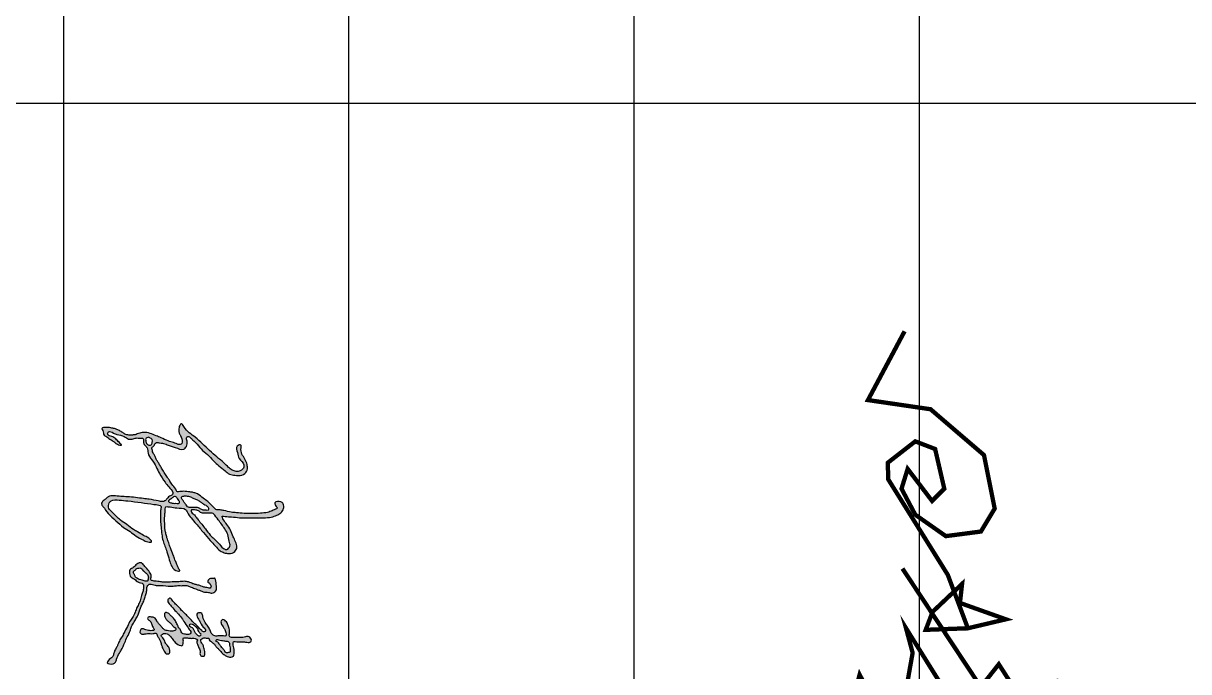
# Model space of a CAD drawing. Extents: x 174641 to 414490, y 73126 to 493158.
# Drawn here: x 190518 to 194603, y 75678 to 77949 of the extents above; entities that cross this region are included whole.
import ezdxf

# ---------------------------------------------------------------- set-up
doc = ezdxf.new("R2010")
doc.units = 0
doc.header["$LTSCALE"] = 1000
doc.header["$MEASUREMENT"] = 0
doc.layers.add('文字和字符', color=7, linetype='Continuous')

# ---------------------------------------------------------------- blocks, each defined once
blk = doc.blocks.new('田琳')
at = {"const_width": 20}
for points in [[(38170.1, 43531), (38716.9, 43893), (38611.8, 43976.1), (38782.6, 44085.5), (38857, 44142.4), (38690.6, 44234.3), (38791.4, 43477.3), (38681.9, 43556.1), (38559.2, 43577.9), (38445.4, 43547.3), (39146.1, 43984.9), (39054.1, 44168.6), (38918.4, 44286.8), (39041, 43551.7), (39067.3, 43258.5), (38988.4, 43245.4), (38660, 43332.9), (39371.5, 43698.7), (40071, 43933.6), (40071, 43933.6), (40359.3, 43925.6)], [(37073.8, 43540.8), (37391.6, 43371.4), (37434, 43660.7), (37645.8, 43907.7), (37893, 43957), (37998.9, 43893.5), (38020.1, 43731.3), (37921.2, 43590.1), (37801.2, 43526.6), (37709.4, 43554.9), (37857.7, 43667.8), (37801.2, 43724.2), (37617.6, 43681.9), (37582.3, 43590.1), (37681.1, 43463.1), (37757.9, 43465.2), (38199.4, 43740.6), (38445.7, 43833.2), (38404.3, 44008.7), (38328.7, 43796.7), (38240.8, 43806.4), (38370.1, 43669.9), (38453, 43638.3), (38445.7, 43833.2)]]:
    blk.add_lwpolyline(points, dxfattribs=at)

msp = doc.modelspace()

# ---------------------------------------------------------------- hatches: boundary and pattern name
at = {"layer": '文字和字符'}
h = msp.add_hatch(color=6, dxfattribs=at)
edge = h.paths.add_edge_path()
edge.add_spline(control_points=[(191281, 76461.4), (191281, 76461.2), (191282.1, 76436.3), (191295.8, 76423.6), (191302.5, 76404.9), (191304.9, 76387), (191295.2, 76368.2), (191275.5, 76363.6), (191257.3, 76366.2), (191239.9, 76368.1), (191223.1, 76383.7), (191203.5, 76397.9), (191183.2, 76417.4), (191164.3, 76439.1), (191140, 76456.4), (191125.8, 76478.2), (191110.3, 76490.2), (191102.6, 76499.2), (191095.4, 76502.9), (191086.8, 76497.5), (191094.2, 76483.1), (191092.2, 76467.7), (191076.3, 76450.4), (191055, 76462.8), (191036.3, 76467.7), (191021.3, 76472.6), (191008.3, 76478.7), (190995.4, 76478.7), (190985.9, 76481.6), (190977.7, 76476.6), (190977.1, 76469.2), (190972.3, 76465.8), (190967, 76462.1), (190969.8, 76455.1), (190970.9, 76448.1), (190975.3, 76440), (190980.5, 76430.8), (190984, 76419.7), (190991.2, 76410.2), (190997.6, 76399.5), (191005.4, 76386.5), (191013.8, 76372.4), (191022.3, 76359.3), (191030.7, 76347.1), (191039.6, 76332.4), (191050.6, 76321.3), (191056.7, 76305.7), (191067.4, 76308.7), (191076.1, 76309.5), (191086.2, 76309.7), (191095.9, 76307.9), (191106.3, 76307.4), (191116.9, 76304.7), (191132.6, 76299.6), (191146.8, 76285.9), (191164.9, 76274.1), (191176.5, 76261.6), (191185.7, 76252.7), (191193.6, 76243.4), (191207.4, 76244.8), (191225.3, 76241.6), (191244.2, 76236.3), (191276.8, 76233.3), (191310.9, 76230.1), (191347.1, 76232.8), (191371.3, 76233.9), (191387.9, 76240.4), (191398.3, 76245.4), (191413.2, 76250.6), (191401.4, 76257.7), (191395.6, 76273.9), (191419.3, 76276.4), (191431.2, 76264.8), (191432.4, 76248), (191421.6, 76233.6), (191405.6, 76224.7), (191385.1, 76217.7), (191364.9, 76216.8), (191345.7, 76216.9), (191326.8, 76216.8), (191302.7, 76217.2), (191275.5, 76215.6), (191248.5, 76221.2), (191231.1, 76219.6), (191211, 76225.4), (191221.2, 76205.1), (191232.3, 76193.8), (191245, 76173), (191252.8, 76151.9), (191262, 76133.1), (191269.2, 76114.8), (191259.9, 76094.8), (191239.6, 76089.7), (191222.1, 76094), (191204.5, 76101.5), (191190.9, 76119.2), (191170.1, 76139.3), (191148.4, 76165.4), (191127.3, 76192.8), (191106.3, 76214.6), (191094.5, 76231.5), (191084.8, 76253.4), (191057.4, 76248.5), (191037.6, 76255.3), (191025.5, 76255.2), (191016.5, 76257.4), (191014.7, 76246), (191015, 76235.7), (191012.5, 76218.4), (191013.8, 76197.7), (191012.8, 76176.9), (191018.3, 76160.1), (191021.1, 76144.9), (191028.4, 76129), (191033.7, 76108.3), (191043.2, 76089.3), (191048.2, 76070.7), (191056.3, 76055.5), (191058.7, 76043.6), (191070.9, 76027.1), (191045.6, 76033.2), (191036.8, 76048.3), (191028.2, 76072.2), (191023.5, 76095.2), (191013.6, 76116.9), (191007.1, 76137), (191002.7, 76159.4), (191000.9, 76183.2), (190998.4, 76209.7), (190997.7, 76233.4), (191000.3, 76249.2), (191001.5, 76259.2), (190988.9, 76262.4), (190953.2, 76266.1), (190904.1, 76274.6), (190855.4, 76278.4), (190830.3, 76281.1), (190817.8, 76269.4), (190816.2, 76259.3), (190817.2, 76246), (190836.6, 76231.2), (190854.1, 76209.3), (190882.4, 76193.6), (190899.7, 76176), (190921.2, 76167), (190938.5, 76154), (190955, 76149.1), (190974.8, 76130.5), (190950.6, 76131.6), (190935.7, 76140.7), (190913.1, 76151.8), (190892.3, 76168.8), (190866, 76183.5), (190843.1, 76207.3), (190815.1, 76229.2), (190802.5, 76250.6), (190789.1, 76266), (190798.1, 76277.5), (190807.7, 76283.3), (190817.5, 76293.6), (190837.2, 76295.1), (190858.8, 76290.5), (190884.9, 76291.2), (190911.1, 76288), (190936.6, 76284.3), (190963.2, 76281.1), (190985.7, 76277.3), (191003.8, 76272.7), (191016, 76275.3), (191022.5, 76285.9), (191030.9, 76293.7), (191042.2, 76297), (191042.1, 76312.3), (191027.6, 76323.8), (191011.7, 76345.5), (190996.3, 76368.8), (190983.2, 76396.8), (190969.5, 76419.8), (190952.8, 76439.6), (190954.8, 76460.8), (190943.7, 76470.9), (190937.2, 76481.1), (190941, 76490.8), (190935.1, 76496.6), (190925.7, 76495.7), (190913.6, 76497.5), (190900.5, 76492), (190884.7, 76491.2), (190869.7, 76504.4), (190849.5, 76507.2), (190833, 76513.2), (190816.8, 76524), (190810.8, 76504.5), (190829.5, 76503), (190843.3, 76493.2), (190850.8, 76482.6), (190868.6, 76468.1), (190846.6, 76473.3), (190838.8, 76480.7), (190829.8, 76486.8), (190821.4, 76491.6), (190814.6, 76497.6), (190808, 76502.5), (190797.3, 76507.4), (190800, 76519.8), (190788.7, 76533.8), (190813.4, 76533.8), (190826.1, 76531.8), (190840.8, 76529.1), (190851.9, 76523.1), (190863.8, 76518.1), (190874.2, 76508.9), (190887.5, 76506.3), (190900.6, 76506.5), (190912.2, 76508), (190924, 76513.5), (190940.7, 76517.4), (190962.1, 76513.4), (190982, 76504.1), (191003.6, 76496.2), (191023.1, 76486), (191041.3, 76481.4), (191053.9, 76477.1), (191061.8, 76472.7), (191072.1, 76472.9), (191077.3, 76487.2), (191070.8, 76500.5), (191063.4, 76513.8), (191062.5, 76526.6), (191063.9, 76537.4), (191073.2, 76550.6), (191089.2, 76518.1), (191115.6, 76505.7), (191154.2, 76467.4), (191186.5, 76437.2), (191219, 76411.8), (191235.3, 76394.8), (191252.4, 76380.5), (191273.6, 76376.6), (191288.9, 76387.5), (191295, 76407.5), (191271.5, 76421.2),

★ ★ ★

**Action item:**
Nothing but an exact copy is asked for: the lines from the start of the records through the line with "for points in", both ends included, minus any pictures.

**Expected output:**
# Model space of a CAD drawing. Extents: x 174641 to 414490, y 73126 to 493158.
# Drawn here: x 190518 to 194603, y 75678 to 77949 of the extents above; entities that cross this region are included whole.
import ezdxf

# ---------------------------------------------------------------- set-up
doc = ezdxf.new("R2010")
doc.units = 0
doc.header["$LTSCALE"] = 1000
doc.header["$MEASUREMENT"] = 0
doc.layers.add('文字和字符', color=7, linetype='Continuous')

# ---------------------------------------------------------------- blocks, each defined once
blk = doc.blocks.new('田琳')
at = {"const_width": 20}
for points in [[(38170.1, 43531), (38716.9, 43893), (38611.8, 43976.1), (38782.6, 44085.5), (38857, 44142.4), (38690.6, 44234.3), (38791.4, 43477.3), (38681.9, 43556.1), (38559.2, 43577.9), (38445.4, 43547.3), (39146.1, 43984.9), (39054.1, 44168.6), (38918.4, 44286.8), (39041, 43551.7), (39067.3, 43258.5), (38988.4, 43245.4), (38660, 43332.9), (39371.5, 43698.7), (40071, 43933.6), (40071, 43933.6), (40359.3, 43925.6)], [(37073.8, 43540.8), (37391.6, 43371.4), (37434, 43660.7), (37645.8, 43907.7), (37893, 43957), (37998.9, 43893.5), (38020.1, 43731.3), (37921.2, 43590.1), (37801.2, 43526.6), (37709.4, 43554.9), (37857.7, 43667.8), (37801.2, 43724.2), (37617.6, 43681.9), (37582.3, 43590.1), (37681.1, 43463.1), (37757.9, 43465.2), (38199.4, 43740.6), (38445.7, 43833.2), (38404.3, 44008.7), (38328.7, 43796.7), (38240.8, 43806.4), (38370.1, 43669.9), (38453, 43638.3), (38445.7, 43833.2)]]:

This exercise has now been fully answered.